*Try it*:
Up to and including the line containing "import ezdxf", retype each line of the listing below exactly, beginning with the first.

*Input data*:
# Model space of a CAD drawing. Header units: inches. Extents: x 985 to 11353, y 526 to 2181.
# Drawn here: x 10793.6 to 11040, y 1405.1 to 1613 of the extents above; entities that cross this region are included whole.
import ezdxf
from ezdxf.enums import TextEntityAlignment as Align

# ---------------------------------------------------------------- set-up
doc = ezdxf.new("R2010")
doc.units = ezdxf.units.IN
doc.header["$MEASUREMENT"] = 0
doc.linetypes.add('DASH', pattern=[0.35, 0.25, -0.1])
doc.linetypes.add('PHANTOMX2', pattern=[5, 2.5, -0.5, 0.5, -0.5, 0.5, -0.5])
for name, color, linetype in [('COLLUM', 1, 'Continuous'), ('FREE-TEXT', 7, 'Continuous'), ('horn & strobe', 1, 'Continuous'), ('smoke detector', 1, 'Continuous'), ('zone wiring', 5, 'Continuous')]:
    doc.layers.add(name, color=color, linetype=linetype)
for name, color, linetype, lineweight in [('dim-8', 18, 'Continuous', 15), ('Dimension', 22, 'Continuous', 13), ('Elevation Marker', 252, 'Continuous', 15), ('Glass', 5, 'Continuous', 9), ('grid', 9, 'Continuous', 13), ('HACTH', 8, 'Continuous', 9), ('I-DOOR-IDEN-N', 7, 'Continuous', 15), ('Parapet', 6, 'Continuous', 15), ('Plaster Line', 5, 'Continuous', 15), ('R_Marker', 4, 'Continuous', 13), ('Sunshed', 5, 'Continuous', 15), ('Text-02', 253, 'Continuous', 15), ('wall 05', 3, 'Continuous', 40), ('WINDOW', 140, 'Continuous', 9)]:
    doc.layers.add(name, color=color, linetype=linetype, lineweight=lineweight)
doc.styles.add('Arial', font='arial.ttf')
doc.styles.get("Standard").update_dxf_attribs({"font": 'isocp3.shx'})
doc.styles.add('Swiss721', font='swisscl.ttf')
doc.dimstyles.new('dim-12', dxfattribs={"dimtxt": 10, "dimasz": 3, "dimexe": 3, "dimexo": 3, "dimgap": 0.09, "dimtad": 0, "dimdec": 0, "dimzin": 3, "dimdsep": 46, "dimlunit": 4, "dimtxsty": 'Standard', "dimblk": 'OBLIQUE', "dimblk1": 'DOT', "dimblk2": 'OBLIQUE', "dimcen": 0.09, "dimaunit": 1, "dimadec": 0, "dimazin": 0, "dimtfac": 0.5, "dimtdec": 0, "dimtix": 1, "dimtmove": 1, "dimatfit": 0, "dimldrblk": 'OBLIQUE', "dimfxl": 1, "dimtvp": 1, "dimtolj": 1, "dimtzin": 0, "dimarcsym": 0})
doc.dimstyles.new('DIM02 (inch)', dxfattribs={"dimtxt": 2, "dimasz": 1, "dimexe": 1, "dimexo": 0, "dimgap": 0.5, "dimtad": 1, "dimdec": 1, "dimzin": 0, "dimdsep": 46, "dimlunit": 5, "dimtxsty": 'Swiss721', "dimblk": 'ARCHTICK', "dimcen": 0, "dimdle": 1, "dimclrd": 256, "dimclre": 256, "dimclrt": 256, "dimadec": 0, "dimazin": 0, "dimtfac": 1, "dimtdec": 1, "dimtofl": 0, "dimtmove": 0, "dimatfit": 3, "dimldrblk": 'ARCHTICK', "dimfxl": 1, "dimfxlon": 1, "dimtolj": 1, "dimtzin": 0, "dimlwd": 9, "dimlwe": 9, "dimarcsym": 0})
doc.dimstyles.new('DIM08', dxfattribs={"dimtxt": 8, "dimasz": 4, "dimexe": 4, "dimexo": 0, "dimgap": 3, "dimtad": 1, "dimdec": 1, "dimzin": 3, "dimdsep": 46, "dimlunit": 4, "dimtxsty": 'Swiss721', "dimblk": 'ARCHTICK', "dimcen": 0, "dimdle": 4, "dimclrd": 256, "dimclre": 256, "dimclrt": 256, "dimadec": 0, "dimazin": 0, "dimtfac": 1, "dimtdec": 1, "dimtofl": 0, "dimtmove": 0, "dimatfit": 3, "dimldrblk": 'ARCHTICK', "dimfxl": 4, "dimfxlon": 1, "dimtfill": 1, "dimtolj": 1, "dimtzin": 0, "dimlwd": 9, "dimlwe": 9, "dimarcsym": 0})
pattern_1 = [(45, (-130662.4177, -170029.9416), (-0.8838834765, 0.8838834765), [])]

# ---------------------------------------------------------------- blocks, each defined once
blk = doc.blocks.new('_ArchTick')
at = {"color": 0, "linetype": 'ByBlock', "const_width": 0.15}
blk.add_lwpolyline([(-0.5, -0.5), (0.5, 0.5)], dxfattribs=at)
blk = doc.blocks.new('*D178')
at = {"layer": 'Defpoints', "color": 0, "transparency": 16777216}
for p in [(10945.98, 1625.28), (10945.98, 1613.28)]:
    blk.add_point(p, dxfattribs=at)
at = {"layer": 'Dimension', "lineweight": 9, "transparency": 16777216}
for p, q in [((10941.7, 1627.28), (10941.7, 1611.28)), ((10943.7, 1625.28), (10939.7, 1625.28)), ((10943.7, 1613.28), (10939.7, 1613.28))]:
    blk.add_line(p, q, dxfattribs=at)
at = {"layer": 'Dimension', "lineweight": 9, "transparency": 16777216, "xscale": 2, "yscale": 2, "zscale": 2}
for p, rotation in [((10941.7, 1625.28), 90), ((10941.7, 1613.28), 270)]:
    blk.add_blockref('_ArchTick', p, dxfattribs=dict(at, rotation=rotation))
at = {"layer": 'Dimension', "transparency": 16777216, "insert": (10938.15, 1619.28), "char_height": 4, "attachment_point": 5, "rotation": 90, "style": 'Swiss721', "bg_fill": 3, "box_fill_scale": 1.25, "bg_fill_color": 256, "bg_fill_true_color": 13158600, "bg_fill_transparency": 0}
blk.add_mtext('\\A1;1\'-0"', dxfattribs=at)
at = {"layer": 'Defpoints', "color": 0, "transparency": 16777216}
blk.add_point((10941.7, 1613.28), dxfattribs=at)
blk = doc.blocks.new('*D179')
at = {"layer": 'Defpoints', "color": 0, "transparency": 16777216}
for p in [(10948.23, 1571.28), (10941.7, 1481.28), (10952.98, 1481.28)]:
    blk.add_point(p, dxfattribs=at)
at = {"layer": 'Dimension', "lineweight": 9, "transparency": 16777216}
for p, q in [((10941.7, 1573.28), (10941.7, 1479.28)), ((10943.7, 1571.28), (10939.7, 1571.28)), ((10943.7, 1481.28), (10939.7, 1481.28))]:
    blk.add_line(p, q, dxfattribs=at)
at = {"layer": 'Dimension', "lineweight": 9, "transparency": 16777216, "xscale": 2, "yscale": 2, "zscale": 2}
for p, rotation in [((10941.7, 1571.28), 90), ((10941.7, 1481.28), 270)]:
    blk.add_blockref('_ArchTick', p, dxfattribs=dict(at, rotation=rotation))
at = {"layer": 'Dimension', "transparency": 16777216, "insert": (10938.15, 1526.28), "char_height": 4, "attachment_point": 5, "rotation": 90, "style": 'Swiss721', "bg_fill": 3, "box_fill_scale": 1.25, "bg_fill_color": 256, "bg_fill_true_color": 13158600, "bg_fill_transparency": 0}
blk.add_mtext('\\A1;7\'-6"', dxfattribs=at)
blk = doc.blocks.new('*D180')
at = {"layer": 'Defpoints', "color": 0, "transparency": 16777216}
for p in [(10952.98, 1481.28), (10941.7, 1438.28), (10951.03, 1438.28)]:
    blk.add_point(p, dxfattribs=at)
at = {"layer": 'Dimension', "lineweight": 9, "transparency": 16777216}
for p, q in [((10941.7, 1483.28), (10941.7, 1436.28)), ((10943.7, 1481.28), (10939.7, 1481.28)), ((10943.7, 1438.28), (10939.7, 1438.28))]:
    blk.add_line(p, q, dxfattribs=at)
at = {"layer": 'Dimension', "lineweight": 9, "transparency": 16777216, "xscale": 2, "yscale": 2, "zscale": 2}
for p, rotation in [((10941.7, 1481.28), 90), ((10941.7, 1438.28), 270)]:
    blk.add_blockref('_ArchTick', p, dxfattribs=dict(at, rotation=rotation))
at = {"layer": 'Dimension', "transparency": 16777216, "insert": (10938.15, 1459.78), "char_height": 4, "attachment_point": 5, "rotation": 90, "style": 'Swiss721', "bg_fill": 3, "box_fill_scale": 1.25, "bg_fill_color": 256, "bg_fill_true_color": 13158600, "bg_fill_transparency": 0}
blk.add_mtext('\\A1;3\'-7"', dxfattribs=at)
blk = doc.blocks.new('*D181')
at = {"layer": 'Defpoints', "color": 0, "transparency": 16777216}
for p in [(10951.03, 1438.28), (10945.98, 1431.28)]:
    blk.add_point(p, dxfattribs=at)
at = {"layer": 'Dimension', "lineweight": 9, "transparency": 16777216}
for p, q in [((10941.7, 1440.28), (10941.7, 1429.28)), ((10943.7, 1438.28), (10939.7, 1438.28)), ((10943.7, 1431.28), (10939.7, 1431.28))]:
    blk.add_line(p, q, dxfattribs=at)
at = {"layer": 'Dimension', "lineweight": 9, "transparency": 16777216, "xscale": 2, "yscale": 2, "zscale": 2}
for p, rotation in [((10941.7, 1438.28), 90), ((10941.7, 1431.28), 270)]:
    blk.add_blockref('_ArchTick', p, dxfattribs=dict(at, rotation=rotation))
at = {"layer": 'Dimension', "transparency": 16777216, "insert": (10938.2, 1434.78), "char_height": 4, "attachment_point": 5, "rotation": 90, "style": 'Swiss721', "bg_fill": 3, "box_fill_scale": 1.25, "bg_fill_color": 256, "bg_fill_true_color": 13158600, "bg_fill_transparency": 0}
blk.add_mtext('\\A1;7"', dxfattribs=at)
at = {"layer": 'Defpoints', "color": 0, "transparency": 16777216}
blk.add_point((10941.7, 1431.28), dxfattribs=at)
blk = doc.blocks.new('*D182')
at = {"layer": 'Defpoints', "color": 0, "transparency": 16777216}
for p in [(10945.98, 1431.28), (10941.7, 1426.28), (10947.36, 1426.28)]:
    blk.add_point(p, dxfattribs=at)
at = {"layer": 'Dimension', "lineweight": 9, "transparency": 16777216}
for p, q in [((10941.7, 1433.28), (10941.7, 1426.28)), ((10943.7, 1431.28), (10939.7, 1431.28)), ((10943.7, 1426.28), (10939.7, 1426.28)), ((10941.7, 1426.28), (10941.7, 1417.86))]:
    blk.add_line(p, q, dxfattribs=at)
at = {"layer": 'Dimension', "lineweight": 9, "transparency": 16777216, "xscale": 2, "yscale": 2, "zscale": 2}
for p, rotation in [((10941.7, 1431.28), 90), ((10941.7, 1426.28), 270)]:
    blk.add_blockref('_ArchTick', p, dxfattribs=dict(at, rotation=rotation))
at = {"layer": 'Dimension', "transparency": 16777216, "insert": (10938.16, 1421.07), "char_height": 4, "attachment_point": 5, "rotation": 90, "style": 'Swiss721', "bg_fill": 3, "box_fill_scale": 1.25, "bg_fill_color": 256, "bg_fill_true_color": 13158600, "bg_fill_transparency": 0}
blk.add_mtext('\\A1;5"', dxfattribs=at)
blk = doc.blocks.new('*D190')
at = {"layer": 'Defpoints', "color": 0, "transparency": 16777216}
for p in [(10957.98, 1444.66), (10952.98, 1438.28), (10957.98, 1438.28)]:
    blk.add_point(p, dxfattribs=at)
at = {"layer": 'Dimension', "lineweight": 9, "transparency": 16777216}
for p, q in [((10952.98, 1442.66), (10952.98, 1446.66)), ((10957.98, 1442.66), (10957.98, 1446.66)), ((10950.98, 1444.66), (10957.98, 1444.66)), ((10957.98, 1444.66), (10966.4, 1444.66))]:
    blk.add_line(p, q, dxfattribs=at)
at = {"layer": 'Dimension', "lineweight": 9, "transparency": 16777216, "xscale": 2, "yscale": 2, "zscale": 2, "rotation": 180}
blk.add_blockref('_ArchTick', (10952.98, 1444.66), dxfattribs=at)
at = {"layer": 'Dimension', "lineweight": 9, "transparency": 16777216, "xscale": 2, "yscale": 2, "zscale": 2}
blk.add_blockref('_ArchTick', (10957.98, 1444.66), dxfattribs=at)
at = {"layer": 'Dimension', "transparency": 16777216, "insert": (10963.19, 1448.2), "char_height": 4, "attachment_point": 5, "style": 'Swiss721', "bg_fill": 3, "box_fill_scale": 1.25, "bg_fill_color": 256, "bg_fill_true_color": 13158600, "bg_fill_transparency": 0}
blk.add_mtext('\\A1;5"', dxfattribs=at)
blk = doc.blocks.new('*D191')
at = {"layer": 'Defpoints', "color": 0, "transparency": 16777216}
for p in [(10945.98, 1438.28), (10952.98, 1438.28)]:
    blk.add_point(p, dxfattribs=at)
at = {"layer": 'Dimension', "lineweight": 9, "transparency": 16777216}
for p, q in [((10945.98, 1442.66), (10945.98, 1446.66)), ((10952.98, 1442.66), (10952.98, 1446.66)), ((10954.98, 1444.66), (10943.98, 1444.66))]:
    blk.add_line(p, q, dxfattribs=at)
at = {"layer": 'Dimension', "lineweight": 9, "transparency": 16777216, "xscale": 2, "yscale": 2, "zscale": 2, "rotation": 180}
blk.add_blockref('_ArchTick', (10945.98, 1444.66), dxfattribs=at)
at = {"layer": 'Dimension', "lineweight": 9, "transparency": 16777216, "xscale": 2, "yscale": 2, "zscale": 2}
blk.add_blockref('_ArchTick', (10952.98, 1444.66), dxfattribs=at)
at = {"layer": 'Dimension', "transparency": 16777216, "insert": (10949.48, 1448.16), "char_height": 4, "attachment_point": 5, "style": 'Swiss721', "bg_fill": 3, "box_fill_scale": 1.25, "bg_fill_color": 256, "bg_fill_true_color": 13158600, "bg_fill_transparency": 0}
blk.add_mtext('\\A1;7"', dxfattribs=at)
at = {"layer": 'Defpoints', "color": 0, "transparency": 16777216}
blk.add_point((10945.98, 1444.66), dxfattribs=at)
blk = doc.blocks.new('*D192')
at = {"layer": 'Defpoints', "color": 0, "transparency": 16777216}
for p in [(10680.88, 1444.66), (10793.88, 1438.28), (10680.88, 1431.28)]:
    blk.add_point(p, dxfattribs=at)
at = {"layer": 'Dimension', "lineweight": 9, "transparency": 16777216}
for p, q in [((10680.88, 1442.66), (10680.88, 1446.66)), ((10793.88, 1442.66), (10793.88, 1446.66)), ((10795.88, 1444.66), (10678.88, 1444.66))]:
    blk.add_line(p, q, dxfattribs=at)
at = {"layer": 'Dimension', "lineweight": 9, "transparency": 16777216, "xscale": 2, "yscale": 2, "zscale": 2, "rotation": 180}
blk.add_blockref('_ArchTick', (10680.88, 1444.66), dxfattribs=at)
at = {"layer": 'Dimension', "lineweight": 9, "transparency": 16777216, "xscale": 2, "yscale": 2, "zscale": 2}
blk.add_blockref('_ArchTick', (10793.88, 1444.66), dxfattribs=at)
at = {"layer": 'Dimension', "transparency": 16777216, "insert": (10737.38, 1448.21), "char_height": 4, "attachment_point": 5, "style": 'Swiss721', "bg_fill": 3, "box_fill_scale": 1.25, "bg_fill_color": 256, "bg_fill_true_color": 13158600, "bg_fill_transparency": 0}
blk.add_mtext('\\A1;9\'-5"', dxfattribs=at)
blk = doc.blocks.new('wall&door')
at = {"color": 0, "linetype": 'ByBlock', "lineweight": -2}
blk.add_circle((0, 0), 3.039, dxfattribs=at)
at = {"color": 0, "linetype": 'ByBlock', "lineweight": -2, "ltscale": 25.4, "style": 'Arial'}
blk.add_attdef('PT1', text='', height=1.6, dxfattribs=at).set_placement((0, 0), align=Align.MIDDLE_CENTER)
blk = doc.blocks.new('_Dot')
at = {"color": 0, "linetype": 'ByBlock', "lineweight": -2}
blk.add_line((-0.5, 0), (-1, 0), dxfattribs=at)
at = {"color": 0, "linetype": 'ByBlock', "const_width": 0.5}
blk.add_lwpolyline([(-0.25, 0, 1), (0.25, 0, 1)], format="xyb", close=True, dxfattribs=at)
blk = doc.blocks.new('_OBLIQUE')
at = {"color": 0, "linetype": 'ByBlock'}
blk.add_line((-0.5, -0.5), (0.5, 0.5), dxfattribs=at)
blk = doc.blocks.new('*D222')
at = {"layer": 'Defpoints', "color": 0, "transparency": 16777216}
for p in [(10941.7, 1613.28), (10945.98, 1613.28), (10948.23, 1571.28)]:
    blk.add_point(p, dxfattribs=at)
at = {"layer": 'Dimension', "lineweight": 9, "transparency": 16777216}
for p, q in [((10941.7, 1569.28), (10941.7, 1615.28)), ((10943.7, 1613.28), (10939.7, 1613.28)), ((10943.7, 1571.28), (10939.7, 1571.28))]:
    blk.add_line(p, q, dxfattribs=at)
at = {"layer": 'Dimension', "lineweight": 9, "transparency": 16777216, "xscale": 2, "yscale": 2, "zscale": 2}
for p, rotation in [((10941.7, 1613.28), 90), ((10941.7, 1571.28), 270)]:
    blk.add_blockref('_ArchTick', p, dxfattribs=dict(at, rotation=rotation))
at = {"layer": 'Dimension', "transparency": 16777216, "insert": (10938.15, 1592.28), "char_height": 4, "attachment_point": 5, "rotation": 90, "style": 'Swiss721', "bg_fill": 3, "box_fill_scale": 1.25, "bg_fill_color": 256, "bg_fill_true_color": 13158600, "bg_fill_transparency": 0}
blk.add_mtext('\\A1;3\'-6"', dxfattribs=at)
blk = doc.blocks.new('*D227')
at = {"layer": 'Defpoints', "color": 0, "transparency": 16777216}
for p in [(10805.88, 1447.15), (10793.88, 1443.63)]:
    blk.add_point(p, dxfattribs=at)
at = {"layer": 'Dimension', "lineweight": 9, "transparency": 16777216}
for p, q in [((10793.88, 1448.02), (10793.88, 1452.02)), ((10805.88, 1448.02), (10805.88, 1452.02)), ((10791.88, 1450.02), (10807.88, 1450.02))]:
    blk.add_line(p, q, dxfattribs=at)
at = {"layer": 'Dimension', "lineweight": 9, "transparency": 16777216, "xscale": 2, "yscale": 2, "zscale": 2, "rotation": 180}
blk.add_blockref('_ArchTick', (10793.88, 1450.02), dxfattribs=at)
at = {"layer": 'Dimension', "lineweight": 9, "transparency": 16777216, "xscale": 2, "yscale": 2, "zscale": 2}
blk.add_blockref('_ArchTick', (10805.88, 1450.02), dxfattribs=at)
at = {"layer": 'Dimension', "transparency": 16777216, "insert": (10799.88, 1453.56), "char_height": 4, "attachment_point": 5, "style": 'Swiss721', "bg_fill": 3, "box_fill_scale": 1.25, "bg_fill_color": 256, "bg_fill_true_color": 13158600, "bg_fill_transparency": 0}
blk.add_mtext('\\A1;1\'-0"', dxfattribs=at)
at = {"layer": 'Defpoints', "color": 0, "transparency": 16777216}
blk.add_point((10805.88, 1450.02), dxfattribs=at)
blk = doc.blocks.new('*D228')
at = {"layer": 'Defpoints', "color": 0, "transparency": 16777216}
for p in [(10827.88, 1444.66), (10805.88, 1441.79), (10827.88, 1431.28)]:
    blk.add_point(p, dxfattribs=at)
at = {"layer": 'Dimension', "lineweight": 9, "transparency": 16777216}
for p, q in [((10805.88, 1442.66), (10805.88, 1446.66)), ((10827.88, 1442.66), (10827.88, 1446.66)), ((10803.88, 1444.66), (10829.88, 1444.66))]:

*Written reply*:
# Model space of a CAD drawing. Header units: inches. Extents: x 985 to 11353, y 526 to 2181.
# Drawn here: x 10793.6 to 11040, y 1405.1 to 1613 of the extents above; entities that cross this region are included whole.
import ezdxf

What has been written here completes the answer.